---------- SUPPLIED MATERIAL ----------

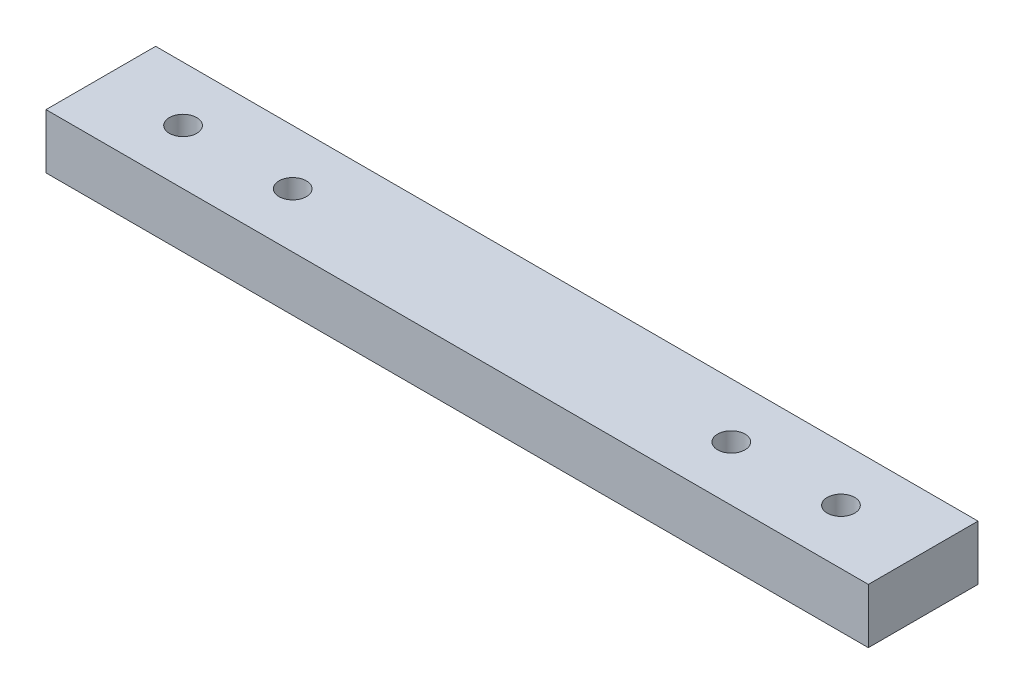
ISO-10303-21;
HEADER;
FILE_DESCRIPTION(('STEP AP214'),'2;1');
FILE_NAME('part.step','',(''),(''),'','','');
FILE_SCHEMA(('AUTOMOTIVE_DESIGN { 1 0 10303 214 1 1 1 1 }'));
ENDSEC;
DATA;
#1=APPLICATION_CONTEXT('core data for automotive mechanical design processes');
#2=APPLICATION_PROTOCOL_DEFINITION('international standard','automotive_design',2000,#1);
#3=PRODUCT_CONTEXT('',#1,'mechanical');
#4=PRODUCT('Part','Part','',(#3));
#5=PRODUCT_RELATED_PRODUCT_CATEGORY('part','',(#4));
#6=PRODUCT_DEFINITION_FORMATION('','',#4);
#7=PRODUCT_DEFINITION_CONTEXT('part definition',#1,'design');
#8=PRODUCT_DEFINITION('design','',#6,#7);
#9=PRODUCT_DEFINITION_SHAPE('','',#8);
#10=(LENGTH_UNIT() NAMED_UNIT(*) SI_UNIT(.MILLI.,.METRE.));
#11=(NAMED_UNIT(*) PLANE_ANGLE_UNIT() SI_UNIT($,.RADIAN.));
#12=(NAMED_UNIT(*) SI_UNIT($,.STERADIAN.) SOLID_ANGLE_UNIT());
#13=UNCERTAINTY_MEASURE_WITH_UNIT(LENGTH_MEASURE(1.E-05),#10,'distance_accuracy_value','');
#14=(GEOMETRIC_REPRESENTATION_CONTEXT(3) GLOBAL_UNCERTAINTY_ASSIGNED_CONTEXT((#13)) GLOBAL_UNIT_ASSIGNED_CONTEXT((#10,
#11,#12)) REPRESENTATION_CONTEXT('',''));
#15=CARTESIAN_POINT('',(0.,0.,0.));
#16=DIRECTION('',(0.,0.,1.));
#17=DIRECTION('',(1.,0.,0.));
#18=AXIS2_PLACEMENT_3D('',#15,#16,#17);
#19=CARTESIAN_POINT('',(0.,10.,0.));
#20=DIRECTION('',(0.,-1.,0.));
#21=DIRECTION('',(0.,0.,-1.));
#22=AXIS2_PLACEMENT_3D('',#19,#20,#21);
#23=PLANE('',#22);
#24=DIRECTION('',(0.,0.,1.));
#25=VECTOR('',#24,1.);
#26=CARTESIAN_POINT('',(0.,10.,0.));
#27=LINE('',#26,#25);
#28=CARTESIAN_POINT('',(0.,10.,-20.));
#29=VERTEX_POINT('',#28);
#30=CARTESIAN_POINT('',(0.,10.,0.));
#31=VERTEX_POINT('',#30);
#32=EDGE_CURVE('E85',#29,#31,#27,.T.);
#33=ORIENTED_EDGE('',*,*,#32,.T.);
#34=DIRECTION('',(1.,0.,0.));
#35=VECTOR('',#34,1.);
#36=CARTESIAN_POINT('',(0.,10.,0.));
#37=LINE('',#36,#35);
#38=CARTESIAN_POINT('',(150.,10.,0.));
#39=VERTEX_POINT('',#38);
#40=EDGE_CURVE('E80',#31,#39,#37,.T.);
#41=ORIENTED_EDGE('',*,*,#40,.T.);
#42=DIRECTION('',(0.,0.,-1.));
#43=VECTOR('',#42,1.);
#44=CARTESIAN_POINT('',(150.,10.,0.));
#45=LINE('',#44,#43);
#46=CARTESIAN_POINT('',(150.,10.,-20.));
#47=VERTEX_POINT('',#46);
#48=EDGE_CURVE('E83',#39,#47,#45,.T.);
#49=ORIENTED_EDGE('',*,*,#48,.T.);
#50=DIRECTION('',(-1.,0.,0.));
#51=VECTOR('',#50,1.);
#52=CARTESIAN_POINT('',(0.,10.,-20.));
#53=LINE('',#52,#51);
#54=EDGE_CURVE('E50',#47,#29,#53,.T.);
#55=ORIENTED_EDGE('',*,*,#54,.T.);
#56=EDGE_LOOP('',(#33,#41,#49,#55));
#57=FACE_BOUND('',#56,.T.);
#58=CARTESIAN_POINT('',(15.,10.,-10.));
#59=DIRECTION('',(0.,1.,0.));
#60=DIRECTION('',(0.,0.,1.));
#61=AXIS2_PLACEMENT_3D('',#58,#59,#60);
#62=CIRCLE('',#61,2.5);
#63=CARTESIAN_POINT('',(15.,10.,-7.5));
#64=VERTEX_POINT('',#63);
#65=EDGE_CURVE('E100',#64,#64,#62,.T.);
#66=ORIENTED_EDGE('',*,*,#65,.F.);
#67=EDGE_LOOP('',(#66));
#68=FACE_BOUND('',#67,.T.);
#69=CARTESIAN_POINT('',(35.,10.,-10.));
#70=DIRECTION('',(0.,1.,0.));
#71=DIRECTION('',(0.,0.,1.));
#72=AXIS2_PLACEMENT_3D('',#69,#70,#71);
#73=CIRCLE('',#72,2.49999999999999);
#74=CARTESIAN_POINT('',(35.,10.,-7.50000000000001));
#75=VERTEX_POINT('',#74);
#76=EDGE_CURVE('E115',#75,#75,#73,.T.);
#77=ORIENTED_EDGE('',*,*,#76,.F.);
#78=EDGE_LOOP('',(#77));
#79=FACE_BOUND('',#78,.T.);
#80=CARTESIAN_POINT('',(115.,10.,-10.));
#81=DIRECTION('',(0.,1.,0.));
#82=DIRECTION('',(0.,0.,1.));
#83=AXIS2_PLACEMENT_3D('',#80,#81,#82);
#84=CIRCLE('',#83,2.49999999999999);
#85=CARTESIAN_POINT('',(115.,10.,-7.50000000000001));
#86=VERTEX_POINT('',#85);
#87=EDGE_CURVE('E121',#86,#86,#84,.T.);
#88=ORIENTED_EDGE('',*,*,#87,.F.);
#89=EDGE_LOOP('',(#88));
#90=FACE_BOUND('',#89,.T.);
#91=CARTESIAN_POINT('',(135.,10.,-10.));
#92=DIRECTION('',(0.,1.,0.));
#93=DIRECTION('',(0.,0.,1.));
#94=AXIS2_PLACEMENT_3D('',#91,#92,#93);
#95=CIRCLE('',#94,2.5);
#96=CARTESIAN_POINT('',(135.,10.,-7.50000000000001));
#97=VERTEX_POINT('',#96);
#98=EDGE_CURVE('E127',#97,#97,#95,.T.);
#99=ORIENTED_EDGE('',*,*,#98,.F.);
#100=EDGE_LOOP('',(#99));
#101=FACE_BOUND('',#100,.T.);
#102=ADVANCED_FACE('F33',(#57,#68,#79,#90,#101),#23,.F.);
#103=CARTESIAN_POINT('',(0.,0.,0.));
#104=DIRECTION('',(0.,-1.,0.));
#105=DIRECTION('',(0.,0.,-1.));
#106=AXIS2_PLACEMENT_3D('',#103,#104,#105);
#107=PLANE('',#106);
#108=CARTESIAN_POINT('',(115.,0.,-10.));
#109=DIRECTION('',(0.,1.,0.));
#110=DIRECTION('',(0.,0.,1.));
#111=AXIS2_PLACEMENT_3D('',#108,#109,#110);
#112=CIRCLE('',#111,2.49999999999999);
#113=CARTESIAN_POINT('',(115.,0.,-7.50000000000001));
#114=VERTEX_POINT('',#113);
#115=EDGE_CURVE('E124',#114,#114,#112,.T.);
#116=ORIENTED_EDGE('',*,*,#115,.T.);
#117=EDGE_LOOP('',(#116));
#118=FACE_BOUND('',#117,.T.);
#119=CARTESIAN_POINT('',(15.,0.,-10.));
#120=DIRECTION('',(0.,1.,0.));
#121=DIRECTION('',(0.,0.,1.));
#122=AXIS2_PLACEMENT_3D('',#119,#120,#121);
#123=CIRCLE('',#122,2.5);
#124=CARTESIAN_POINT('',(15.,0.,-7.5));
#125=VERTEX_POINT('',#124);
#126=EDGE_CURVE('E112',#125,#125,#123,.T.);
#127=ORIENTED_EDGE('',*,*,#126,.T.);
#128=EDGE_LOOP('',(#127));
#129=FACE_BOUND('',#128,.T.);
#130=DIRECTION('',(0.,0.,1.));
#131=VECTOR('',#130,1.);
#132=CARTESIAN_POINT('',(0.,0.,0.));
#133=LINE('',#132,#131);
#134=CARTESIAN_POINT('',(0.,0.,-20.));
#135=VERTEX_POINT('',#134);
#136=CARTESIAN_POINT('',(0.,0.,0.));
#137=VERTEX_POINT('',#136);
#138=EDGE_CURVE('E97',#135,#137,#133,.T.);
#139=ORIENTED_EDGE('',*,*,#138,.F.);
#140=DIRECTION('',(-1.,0.,0.));
#141=VECTOR('',#140,1.);
#142=CARTESIAN_POINT('',(0.,0.,-20.));
#143=LINE('',#142,#141);
#144=CARTESIAN_POINT('',(150.,0.,-20.));
#145=VERTEX_POINT('',#144);
#146=EDGE_CURVE('E73',#145,#135,#143,.T.);
#147=ORIENTED_EDGE('',*,*,#146,.F.);
#148=DIRECTION('',(0.,0.,-1.));
#149=VECTOR('',#148,1.);
#150=CARTESIAN_POINT('',(150.,0.,0.));
#151=LINE('',#150,#149);
#152=CARTESIAN_POINT('',(150.,0.,0.));
#153=VERTEX_POINT('',#152);
#154=EDGE_CURVE('E67',#153,#145,#151,.T.);
#155=ORIENTED_EDGE('',*,*,#154,.F.);
#156=DIRECTION('',(1.,0.,0.));
#157=VECTOR('',#156,1.);
#158=CARTESIAN_POINT('',(0.,0.,0.));
#159=LINE('',#158,#157);
#160=EDGE_CURVE('E89',#137,#153,#159,.T.);
#161=ORIENTED_EDGE('',*,*,#160,.F.);
#162=EDGE_LOOP('',(#139,#147,#155,#161));
#163=FACE_BOUND('',#162,.T.);
#164=CARTESIAN_POINT('',(35.,0.,-10.));
#165=DIRECTION('',(0.,1.,0.));
#166=DIRECTION('',(0.,0.,1.));
#167=AXIS2_PLACEMENT_3D('',#164,#165,#166);
#168=CIRCLE('',#167,2.49999999999999);
#169=CARTESIAN_POINT('',(35.,0.,-7.50000000000001));
#170=VERTEX_POINT('',#169);
#171=EDGE_CURVE('E118',#170,#170,#168,.T.);
#172=ORIENTED_EDGE('',*,*,#171,.T.);
#173=EDGE_LOOP('',(#172));
#174=FACE_BOUND('',#173,.T.);
#175=CARTESIAN_POINT('',(135.,0.,-10.));
#176=DIRECTION('',(0.,1.,0.));
#177=DIRECTION('',(0.,0.,1.));
#178=AXIS2_PLACEMENT_3D('',#175,#176,#177);
#179=CIRCLE('',#178,2.5);
#180=CARTESIAN_POINT('',(135.,0.,-7.50000000000001));
#181=VERTEX_POINT('',#180);
#182=EDGE_CURVE('E130',#181,#181,#179,.T.);
#183=ORIENTED_EDGE('',*,*,#182,.T.);
#184=EDGE_LOOP('',(#183));
#185=FACE_BOUND('',#184,.T.);
#186=ADVANCED_FACE('F108',(#118,#129,#163,#174,#185),#107,.T.);
#187=CARTESIAN_POINT('',(0.,10.,0.));
#188=DIRECTION('',(1.,0.,0.));
#189=DIRECTION('',(0.,0.,-1.));
#190=AXIS2_PLACEMENT_3D('',#187,#188,#189);
#191=PLANE('',#190);
#192=ORIENTED_EDGE('',*,*,#138,.T.);
#193=DIRECTION('',(0.,-1.,0.));
#194=VECTOR('',#193,1.);
#195=CARTESIAN_POINT('',(0.,10.,0.));
#196=LINE('',#195,#194);
#197=EDGE_CURVE('E11',#31,#137,#196,.T.);
#198=ORIENTED_EDGE('',*,*,#197,.F.);
#199=ORIENTED_EDGE('',*,*,#32,.F.);
#200=DIRECTION('',(0.,-1.,0.));
#201=VECTOR('',#200,1.);
#202=CARTESIAN_POINT('',(0.,10.,-20.));
#203=LINE('',#202,#201);
#204=EDGE_CURVE('E93',#29,#135,#203,.T.);
#205=ORIENTED_EDGE('',*,*,#204,.T.);
#206=EDGE_LOOP('',(#192,#198,#199,#205));
#207=FACE_BOUND('',#206,.T.);
#208=ADVANCED_FACE('F35',(#207),#191,.F.);
#209=CARTESIAN_POINT('',(0.,10.,0.));
#210=DIRECTION('',(0.,0.,-1.));
#211=DIRECTION('',(-1.,0.,0.));
#212=AXIS2_PLACEMENT_3D('',#209,#210,#211);
#213=PLANE('',#212);
#214=ORIENTED_EDGE('',*,*,#160,.T.);
#215=DIRECTION('',(0.,-1.,0.));
#216=VECTOR('',#215,1.);
#217=CARTESIAN_POINT('',(150.,10.,0.));
#218=LINE('',#217,#216);
#219=EDGE_CURVE('E42',#39,#153,#218,.T.);
#220=ORIENTED_EDGE('',*,*,#219,.F.);
#221=ORIENTED_EDGE('',*,*,#40,.F.);
#222=ORIENTED_EDGE('',*,*,#197,.T.);
#223=EDGE_LOOP('',(#214,#220,#221,#222));
#224=FACE_BOUND('',#223,.T.);
#225=ADVANCED_FACE('F88',(#224),#213,.F.);
#226=CARTESIAN_POINT('',(150.,10.,0.));
#227=DIRECTION('',(-1.,0.,0.));
#228=DIRECTION('',(0.,0.,1.));
#229=AXIS2_PLACEMENT_3D('',#226,#227,#228);
#230=PLANE('',#229);
#231=ORIENTED_EDGE('',*,*,#154,.T.);
#232=DIRECTION('',(0.,-1.,0.));
#233=VECTOR('',#232,1.);
#234=CARTESIAN_POINT('',(150.,10.,-20.));
#235=LINE('',#234,#233);
#236=EDGE_CURVE('E90',#47,#145,#235,.T.);
#237=ORIENTED_EDGE('',*,*,#236,.F.);
#238=ORIENTED_EDGE('',*,*,#48,.F.);
#239=ORIENTED_EDGE('',*,*,#219,.T.);
#240=EDGE_LOOP('',(#231,#237,#238,#239));
#241=FACE_BOUND('',#240,.T.);
#242=ADVANCED_FACE('F91',(#241),#230,.F.);
#243=CARTESIAN_POINT('',(0.,10.,-20.));
#244=DIRECTION('',(0.,0.,1.));
#245=DIRECTION('',(1.,0.,0.));
#246=AXIS2_PLACEMENT_3D('',#243,#244,#245);
#247=PLANE('',#246);
#248=ORIENTED_EDGE('',*,*,#146,.T.);
#249=ORIENTED_EDGE('',*,*,#204,.F.);
#250=ORIENTED_EDGE('',*,*,#54,.F.);
#251=ORIENTED_EDGE('',*,*,#236,.T.);
#252=EDGE_LOOP('',(#248,#249,#250,#251));
#253=FACE_BOUND('',#252,.T.);
#254=ADVANCED_FACE('F105',(#253),#247,.F.);
#255=CARTESIAN_POINT('',(15.,10.,-10.));
#256=DIRECTION('',(0.,-1.,0.));
#257=DIRECTION('',(0.,0.,-1.));
#258=AXIS2_PLACEMENT_3D('',#255,#256,#257);
#259=CYLINDRICAL_SURFACE('',#258,2.5);
#260=ORIENTED_EDGE('',*,*,#65,.T.);
#261=EDGE_LOOP('',(#260));
#262=FACE_BOUND('',#261,.T.);
#263=ORIENTED_EDGE('',*,*,#126,.F.);
#264=EDGE_LOOP('',(#263));
#265=FACE_BOUND('',#264,.T.);
#266=ADVANCED_FACE('F147',(#262,#265),#259,.F.);
#267=CARTESIAN_POINT('',(35.,10.,-10.));
#268=DIRECTION('',(0.,-1.,0.));
#269=DIRECTION('',(0.,0.,-1.));
#270=AXIS2_PLACEMENT_3D('',#267,#268,#269);
#271=CYLINDRICAL_SURFACE('',#270,2.49999999999999);
#272=ORIENTED_EDGE('',*,*,#76,.T.);
#273=EDGE_LOOP('',(#272));
#274=FACE_BOUND('',#273,.T.);
#275=ORIENTED_EDGE('',*,*,#171,.F.);
#276=EDGE_LOOP('',(#275));
#277=FACE_BOUND('',#276,.T.);
#278=ADVANCED_FACE('F193',(#274,#277),#271,.F.);
#279=CARTESIAN_POINT('',(115.,10.,-10.));
#280=DIRECTION('',(0.,-1.,0.));
#281=DIRECTION('',(0.,0.,-1.));
#282=AXIS2_PLACEMENT_3D('',#279,#280,#281);
#283=CYLINDRICAL_SURFACE('',#282,2.49999999999999);
#284=ORIENTED_EDGE('',*,*,#87,.T.);
#285=EDGE_LOOP('',(#284));
#286=FACE_BOUND('',#285,.T.);
#287=ORIENTED_EDGE('',*,*,#115,.F.);
#288=EDGE_LOOP('',(#287));
#289=FACE_BOUND('',#288,.T.);
#290=ADVANCED_FACE('F201',(#286,#289),#283,.F.);
#291=CARTESIAN_POINT('',(135.,10.,-10.));
#292=DIRECTION('',(0.,-1.,0.));
#293=DIRECTION('',(0.,0.,-1.));
#294=AXIS2_PLACEMENT_3D('',#291,#292,#293);
#295=CYLINDRICAL_SURFACE('',#294,2.5);
#296=ORIENTED_EDGE('',*,*,#98,.T.);
#297=EDGE_LOOP('',(#296));
#298=FACE_BOUND('',#297,.T.);
#299=ORIENTED_EDGE('',*,*,#182,.F.);
#300=EDGE_LOOP('',(#299));
#301=FACE_BOUND('',#300,.T.);
#302=ADVANCED_FACE('F136',(#298,#301),#295,.F.);
#303=CLOSED_SHELL('',(#102,#186,#208,#225,#242,#254,#266,#278,#290,#302));
#304=MANIFOLD_SOLID_BREP('B2',#303);
#305=ADVANCED_BREP_SHAPE_REPRESENTATION('',(#18,#304),#14);
#306=SHAPE_DEFINITION_REPRESENTATION(#9,#305);
ENDSEC;
END-ISO-10303-21;

----------

**PROBLEM REQUIREMENTS:**
Using only the entries above, output the line with "#21=DIRECTION('',(0.,0.,-1.));", the line with "#49=ORIENTED_EDGE('',*,*,#48,.T.);", and all lines between them, exactly as they stand.

**RESPONSE TO THE TASK:**
#21=DIRECTION('',(0.,0.,-1.));
#22=AXIS2_PLACEMENT_3D('',#19,#20,#21);
#23=PLANE('',#22);
#24=DIRECTION('',(0.,0.,1.));
#25=VECTOR('',#24,1.);
#26=CARTESIAN_POINT('',(0.,10.,0.));
#27=LINE('',#26,#25);
#28=CARTESIAN_POINT('',(0.,10.,-20.));
#29=VERTEX_POINT('',#28);
#30=CARTESIAN_POINT('',(0.,10.,0.));
#31=VERTEX_POINT('',#30);
#32=EDGE_CURVE('E85',#29,#31,#27,.T.);
#33=ORIENTED_EDGE('',*,*,#32,.T.);
#34=DIRECTION('',(1.,0.,0.));
#35=VECTOR('',#34,1.);
#36=CARTESIAN_POINT('',(0.,10.,0.));
#37=LINE('',#36,#35);
#38=CARTESIAN_POINT('',(150.,10.,0.));
#39=VERTEX_POINT('',#38);
#40=EDGE_CURVE('E80',#31,#39,#37,.T.);
#41=ORIENTED_EDGE('',*,*,#40,.T.);
#42=DIRECTION('',(0.,0.,-1.));
#43=VECTOR('',#42,1.);
#44=CARTESIAN_POINT('',(150.,10.,0.));
#45=LINE('',#44,#43);
#46=CARTESIAN_POINT('',(150.,10.,-20.));
#47=VERTEX_POINT('',#46);
#48=EDGE_CURVE('E83',#39,#47,#45,.T.);
#49=ORIENTED_EDGE('',*,*,#48,.T.);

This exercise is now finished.